There are rules. There is specific equipment. Strength, coordination and balance are required. Teamwork and training. We don't ride much anymore as a way of life or for an occupation (such as plowing a field or running cows, though some folks still do, thank God) So, isn't that enough to make it a sport?

Anyone who thinks it's easy should try doing what Olympic jumpers do. They are SOOOO strong it isn't funny.


----------



## bsms (Dec 31, 2010)

Sport is defined as "an athletic activity requiring skill or physical prowess and often of a competitive nature, as racing, baseball, tennis, golf, bowling, wrestling, boxing, hunting, fishing, etc."

Word Origin & History 

sport 
c.1400, "to take pleasure, to amuse oneself," from Anglo-Fr. disport, from O.Fr. desport "pastime, recreation, pleasure," from desporter "to divert, amuse, please, play" (see disport). Sense of "to amuse oneself by active exercise in open air or taking part in some game" 
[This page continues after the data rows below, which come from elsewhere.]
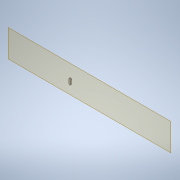
# Autodesk Inventor part: zaslepka_sruby_2
Saved by Autodesk Inventor 2022.3 (Build 263350000, 350)
## iProperties
Created: 2022-10-28
Part Number: zaslepka_sruby_2
Material: Generic
Document SubType Name: Modeling
Designer: komputer
Density: 1 g/cm^3
Appearance: Default
Author: komputer
Autodesk Inventor part; units mm, degrees
ref_plane "YZ Plane" through (0, 0, 0) normal (1, 0, 0) x (0, 1, 0)
ref_plane "XZ Plane" through (0, 0, 0) normal (0, 1, 0) x (-1, 0, 0)
ref_plane "XY Plane" through (0, 0, 0) normal (0, 0, 1) x (1, 0, 0)
ref_plane "Work Plane1" through (0, 0, 0) normal (0, 0, 1) x (1, 0, 0)
sketch "Sketch1" plane through (0, 0, 0) normal (0, 0, 1) x (1, 0, 0)
  line L0 (227.5976, -2) -> (227.5976, -22) projected
  arc A0 (217.5976, -22) -> (227.5976, -22) centre (222.5976, -22) ccw projected
  line L1 (217.5976, -22) -> (217.5976, -2) projected
  arc A1 (227.5976, -2) -> (217.5976, -2) centre (222.5976, -2) ccw projected
  line L2 (78.8821, -22) -> (78.8821, -2) projected
  arc A2 (88.8821, -2) -> (78.8821, -2) centre (83.8821, -2) ccw projected
  line L3 (88.8821, -2) -> (88.8821, -22) projected
  arc A3 (78.8821, -22) -> (88.8821, -22) centre (83.8821, -22) ccw projected
  line L4 (-82.1032, -2) -> (-82.1032, -22) projected
  arc A4 (-92.1032, -22) -> (-82.1032, -22) centre (-87.1032, -22) ccw projected
  line L5 (-92.1032, -22) -> (-92.1032, -2) projected
  arc A5 (-82.1032, -2) -> (-92.1032, -2) centre (-87.1032, -2) ccw projected
  line L6 (374.3969, 34.0458) -> (374.3969, -61) projected
  line L7 (344.0734, 61) -> (374.3969, 34.0458) projected
  line L8 (-316.3526, 61) -> (344.0734, 61) projected
  line L9 (-354.2917, 27.0499) -> (-316.3526, 61) projected
  line L10 (-54.9688, -61) -> (-354.2917, 27.0499) projected
  line L11 (374.3969, -61) -> (-54.9688, -61) projected
  line L12 (-87.1032, -22) -> (-87.1032, -2) construction
  line L13 (-82.2532, -22) -> (-82.2532, -2)
  line L14 (-91.9532, -2) -> (-91.9532, -22)
  arc A6 (-91.9532, -22) -> (-82.2532, -22) centre (-87.1032, -22) ccw
  arc A7 (-82.2532, -2) -> (-91.9532, -2) centre (-87.1032, -2) ccw
  line L15 (-87.1032, 3) -> (-87.1032, 2)
  line L16 (-87.1032, 2) -> (-84.3605, 2)
  line L17 (-87.1032, 2) -> (-89.8459, 2)
  line L18 (-87.1032, 2) -> (-88.6032, 2)
  line L19 (-88.6032, 2) -> (-85.6032, 2)
  line L20 (-85.6032, 2) -> (-85.6032, 4.0639)
  line L21 (-88.6032, 2) -> (-88.6032, 3.4505)
  point P0 (0, 0)
  point P1 (-87.1032, -12)
  point P2 (-85.6032, 2.6122)
  point P3 (-88.6032, 2.6122)
  dimension "d0" = 9.7
  dimension "d1" = 1
  dimension "d2" = 1.5
  dimension "d3" = 3
  constraints: 22 end point, 7 point on circle, 4 tangent, 3 point on line, 3 vertical, 2 centre point, 2 perpendicular, 1 midpoint, 1 parallel
  measures "d0" diameter of A7
  measures "d1" distance of L15.start L15.end
  measures "d2" distance of L15.end L18.end
  measures "d3" distance of L18.end L19.end
extrude "Extrusion1" add sketch "Sketch1" against normal blind 4 contours A7 L16 L20 | A7 L13 A6 L14 L17 L16 | L21 L17 A7
body "Solid1"

Sport | Define Sport at Dictionary.com

By that definition, riding horses can be a sport. Or not. Some riding is done as work, and for most of history, riding was done to accomplish something, not just for fun. I still remember a book I read on the Civil War Cavalry - breaking camp, mounting at 1 AM, riding in the dark in the winter for 40 miles, then doing it again for another couple of days, then one more time and attacking a defended position at the end of day 4...I was in pain just reading it. And there were 2,000 riders involved! Nothing like a pleasant outing at 3 AM in the winter with no lights with 2000 of your closest friends on horseback! :shock: :shock: :shock:

In the modern world, few ride out of necessity. Most do it for pleasure - "to amuse oneself by active exercise in open air or taking part in some game".

Personally, in contrast to the dictionary, I think of sport as being in some way competitive. In that case, jogging is not a sport but running the 400m is. The riding I do would not be a sport (believe me, I'm competitive at nothing when riding!), but a great many others do compete.

For an assignment like this, it is probably best to define terms and then show what aspects match and what do not.


----------